## What is required
Pictures stay out; print the rest of the listing below exactly as it stands.

## Material for the task
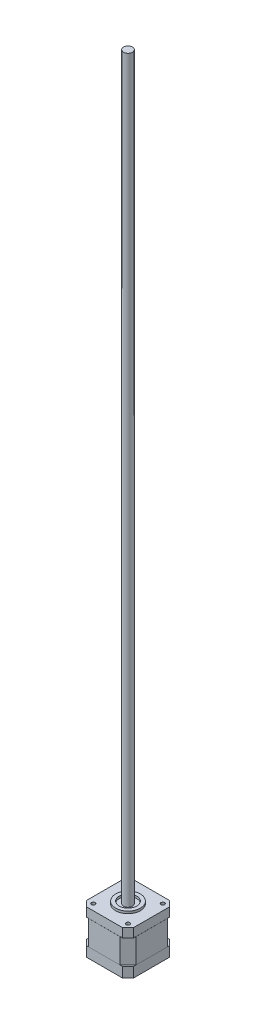
from build123d import *

# Parameters (mm, degrees)
ESBO_O1_W                                            = 42
ESBO_O1_H                                            = 42
RESSALTO_EXTRUS_O1_DEPTH                             = 9
RESSALTO_EXTRUS_O2_DEPTH                             = 22
ESBO_O3_W                                            = 42
ESBO_O3_H                                            = 42
RESSALTO_EXTRUS_O3_DEPTH                             = 8
ESBO_O4_R                                            = 11
ESBO_O4_R_2                                          = 7.8
RESSALTO_EXTRUS_O4_DEPTH                             = 2
BROCA_DE_ROSQUEAR_PARA_TARRAXA_DE_M41_D              = 3.3
BROCA_DE_ROSQUEAR_PARA_TARRAXA_DE_M41_DEPTH          = 20
BROCA_DE_ROSQUEAR_PARA_TARRAXA_DE_M41_TIP            = 0.991420021
CHANFRO1_SIZE                                        = 5
REBAIXO_PARA_PARAFUSO_ALLEN_SEXTAVADO_DE_D           = 3.4
REBAIXO_PARA_PARAFUSO_ALLEN_SEXTAVADO_DE_DEPTH       = 10
REBAIXO_PARA_PARAFUSO_ALLEN_SEXTAVADO_DE_CBORE_D     = 6.5
REBAIXO_PARA_PARAFUSO_ALLEN_SEXTAVADO_DE_CBORE_DEPTH = 3.4
REBAIXO_PARA_PARAFUSO_ALLEN_SEXTAVADO_DE_TIP         = 1.021463052
ESBO_O10_R                                           = 4
BOSS_EXTRUDE1_DEPTH                                  = 660.4


with BuildPart() as part:
    # Esboço1 → Ressalto-extrusão1 (new body)
    with BuildSketch(Plane(origin=(0, 0, 0), x_dir=(1, 0, 0), z_dir=(0, 1, 0))):
        Rectangle(ESBO_O1_W, ESBO_O1_H)
    extrude(amount=RESSALTO_EXTRUS_O1_DEPTH)

    # Esboço2 → Ressalto-extrusão2 (add)
    with BuildSketch(Plane(origin=(0, 9, 0), x_dir=(1, 0, 0), z_dir=(0, 1, 0))):
        Polygon((14, 21.05), (21.05, 14), (21.05, -14), (14, -21.05), (-14, -21.05), (-21.05, -14), (-21.05, 14), (-14, 21.05), align=None)
    extrude(amount=RESSALTO_EXTRUS_O2_DEPTH)

    # Esboço3 → Ressalto-extrusão3 (add)
    with BuildSketch(Plane(origin=(0, 31, 0), x_dir=(1, 0, 0), z_dir=(0, 1, 0))):
        Rectangle(ESBO_O3_W, ESBO_O3_H)
    extrude(amount=RESSALTO_EXTRUS_O3_DEPTH)

    # Esboço4 → Ressalto-extrusão4 (add)
    with BuildSketch(Plane(origin=(0, 39, 0), x_dir=(1, 0, 0), z_dir=(0, 1, 0))):
        Circle(ESBO_O4_R)
        Circle(ESBO_O4_R_2, mode=Mode.SUBTRACT)
    extrude(amount=RESSALTO_EXTRUS_O4_DEPTH)

    # Broca de rosquear para tarraxa de M41
    with Locations(Plane(origin=(0, 39, 0), x_dir=(1, 0, 0), z_dir=(0, 1, 0))):
        with Locations((-15.5, -15.5), (-15.5, 15.5), (15.55, 15.5), (15.5, -15.5)):
            Hole(BROCA_DE_ROSQUEAR_PARA_TARRAXA_DE_M41_D / 2, depth=BROCA_DE_ROSQUEAR_PARA_TARRAXA_DE_M41_DEPTH)
            with Locations((0, 0, -(BROCA_DE_ROSQUEAR_PARA_TARRAXA_DE_M41_DEPTH + BROCA_DE_ROSQUEAR_PARA_TARRAXA_DE_M41_TIP / 2))):  # 118° drill point
                Cone(0, BROCA_DE_ROSQUEAR_PARA_TARRAXA_DE_M41_D / 2, BROCA_DE_ROSQUEAR_PARA_TARRAXA_DE_M41_TIP, mode=Mode.SUBTRACT)

    # Chanfro1
    chanfro1_edges = [part.edges().sort_by_distance(p)[0] for p in [
        (-21, 35, -21),
        (-21, 35, 21),
        (21, 35, 21),
        (21, 35, -21),
        (21, 4.5, -21),
        (-21, 4.5, -21),
        (-21, 4.5, 21),
        (21, 4.5, 21),
    ]]
    chamfer(chanfro1_edges, length=CHANFRO1_SIZE)

    # Rebaixo para parafuso Allen sextavado de M31
    with Locations(Plane(origin=(0, 0, 0), x_dir=(-1, 0, 0), z_dir=(0, -1, 0))):
        with Locations((-15.5, 15.5), (15.5, 15.5), (15.5, -15.5), (-15.5, -15.5)):
            CounterBoreHole(REBAIXO_PARA_PARAFUSO_ALLEN_SEXTAVADO_DE_D / 2, REBAIXO_PARA_PARAFUSO_ALLEN_SEXTAVADO_DE_CBORE_D / 2, REBAIXO_PARA_PARAFUSO_ALLEN_SEXTAVADO_DE_CBORE_DEPTH, depth=REBAIXO_PARA_PARAFUSO_ALLEN_SEXTAVADO_DE_DEPTH)
            with Locations((0, 0, -(REBAIXO_PARA_PARAFUSO_ALLEN_SEXTAVADO_DE_DEPTH + REBAIXO_PARA_PARAFUSO_ALLEN_SEXTAVADO_DE_TIP / 2))):  # 118° drill point
                Cone(0, REBAIXO_PARA_PARAFUSO_ALLEN_SEXTAVADO_DE_D / 2, REBAIXO_PARA_PARAFUSO_ALLEN_SEXTAVADO_DE_TIP, mode=Mode.SUBTRACT)

    # Esboço10 → Boss-Extrude1 (add)
    with BuildSketch(Plane(origin=(0, 39, 0), x_dir=(1, 0, 0), z_dir=(0, 1, 0))):
        Circle(ESBO_O10_R)
    extrude(amount=BOSS_EXTRUDE1_DEPTH)


solid = part.part

## Exercise answer
from build123d import *

# Parameters (mm, degrees)
ESBO_O1_W                                            = 42
ESBO_O1_H                                            = 42
RESSALTO_EXTRUS_O1_DEPTH                             = 9
RESSALTO_EXTRUS_O2_DEPTH                             = 22
ESBO_O3_W                                            = 42
ESBO_O3_H                                            = 42
RESSALTO_EXTRUS_O3_DEPTH                             = 8
ESBO_O4_R                                            = 11
ESBO_O4_R_2                                          = 7.8
RESSALTO_EXTRUS_O4_DEPTH                             = 2
BROCA_DE_ROSQUEAR_PARA_TARRAXA_DE_M41_D              = 3.3
BROCA_DE_ROSQUEAR_PARA_TARRAXA_DE_M41_DEPTH          = 20
BROCA_DE_ROSQUEAR_PARA_TARRAXA_DE_M41_TIP            = 0.991420021
CHANFRO1_SIZE                                        = 5
REBAIXO_PARA_PARAFUSO_ALLEN_SEXTAVADO_DE_D           = 3.4
REBAIXO_PARA_PARAFUSO_ALLEN_SEXTAVADO_DE_DEPTH       = 10
REBAIXO_PARA_PARAFUSO_ALLEN_SEXTAVADO_DE_CBORE_D     = 6.5
REBAIXO_PARA_PARAFUSO_ALLEN_SEXTAVADO_DE_CBORE_DEPTH = 3.4
REBAIXO_PARA_PARAFUSO_ALLEN_SEXTAVADO_DE_TIP         = 1.021463052
ESBO_O10_R                                           = 4
BOSS_EXTRUDE1_DEPTH                                  = 660.4


with BuildPart() as part:
    # Esboço1 → Ressalto-extrusão1 (new body)
    with BuildSketch(Plane(origin=(0, 0, 0), x_dir=(1, 0, 0), z_dir=(0, 1, 0))):
        Rectangle(ESBO_O1_W, ESBO_O1_H)
    extrude(amount=RESSALTO_EXTRUS_O1_DEPTH)

    # Esboço2 → Ressalto-extrusão2 (add)
    with BuildSketch(Plane(origin=(0, 9, 0), x_dir=(1, 0, 0), z_dir=(0, 1, 0))):
        Polygon((14, 21.05), (21.05, 14), (21.05, -14), (14, -21.05), (-14, -21.05), (-21.05, -14), (-21.05, 14), (-14, 21.05), align=None)
    extrude(amount=RESSALTO_EXTRUS_O2_DEPTH)

    # Esboço3 → Ressalto-extrusão3 (add)
    with BuildSketch(Plane(origin=(0, 31, 0), x_dir=(1, 0, 0), z_dir=(0, 1, 0))):
        Rectangle(ESBO_O3_W, ESBO_O3_H)
    extrude(amount=RESSALTO_EXTRUS_O3_DEPTH)

    # Esboço4 → Ressalto-extrusão4 (add)
    with BuildSketch(Plane(origin=(0, 39, 0), x_dir=(1, 0, 0), z_dir=(0, 1, 0))):
        Circle(ESBO_O4_R)
        Circle(ESBO_O4_R_2, mode=Mode.SUBTRACT)
    extrude(amount=RESSALTO_EXTRUS_O4_DEPTH)

    # Broca de rosquear para tarraxa de M41
    with Locations(Plane(origin=(0, 39, 0), x_dir=(1, 0, 0), z_dir=(0, 1, 0))):
        with Locations((-15.5, -15.5), (-15.5, 15.5), (15.55, 15.5), (15.5, -15.5)):
            Hole(BROCA_DE_ROSQUEAR_PARA_TARRAXA_DE_M41_D / 2, depth=BROCA_DE_ROSQUEAR_PARA_TARRAXA_DE_M41_DEPTH)
            with Locations((0, 0, -(BROCA_DE_ROSQUEAR_PARA_TARRAXA_DE_M41_DEPTH + BROCA_DE_ROSQUEAR_PARA_TARRAXA_DE_M41_TIP / 2))):  # 118° drill point
                Cone(0, BROCA_DE_ROSQUEAR_PARA_TARRAXA_DE_M41_D / 2, BROCA_DE_ROSQUEAR_PARA_TARRAXA_DE_M41_TIP, mode=Mode.SUBTRACT)

    # Chanfro1
    chanfro1_edges = [part.edges().sort_by_distance(p)[0] for p in [
        (-21, 35, -21),
        (-21, 35, 21),
        (21, 35, 21),
        (21, 35, -21),
        (21, 4.5, -21),
        (-21, 4.5, -21),
        (-21, 4.5, 21),
        (21, 4.5, 21),
    ]]
    chamfer(chanfro1_edges, length=CHANFRO1_SIZE)

    # Rebaixo para parafuso Allen sextavado de M31
    with Locations(Plane(origin=(0, 0, 0), x_dir=(-1, 0, 0), z_dir=(0, -1, 0))):
        with Locations((-15.5, 15.5), (15.5, 15.5), (15.5, -15.5), (-15.5, -15.5)):
            CounterBoreHole(REBAIXO_PARA_PARAFUSO_ALLEN_SEXTAVADO_DE_D / 2, REBAIXO_PARA_PARAFUSO_ALLEN_SEXTAVADO_DE_CBORE_D / 2, REBAIXO_PARA_PARAFUSO_ALLEN_SEXTAVADO_DE_CBORE_DEPTH, depth=REBAIXO_PARA_PARAFUSO_ALLEN_SEXTAVADO_DE_DEPTH)
            with Locations((0, 0, -(REBAIXO_PARA_PARAFUSO_ALLEN_SEXTAVADO_DE_DEPTH + REBAIXO_PARA_PARAFUSO_ALLEN_SEXTAVADO_DE_TIP / 2))):  # 118° drill point
                Cone(0, REBAIXO_PARA_PARAFUSO_ALLEN_SEXTAVADO_DE_D / 2, REBAIXO_PARA_PARAFUSO_ALLEN_SEXTAVADO_DE_TIP, mode=Mode.SUBTRACT)

    # Esboço10 → Boss-Extrude1 (add)
    with BuildSketch(Plane(origin=(0, 39, 0), x_dir=(1, 0, 0), z_dir=(0, 1, 0))):
        Circle(ESBO_O10_R)
    extrude(amount=BOSS_EXTRUDE1_DEPTH)


solid = part.part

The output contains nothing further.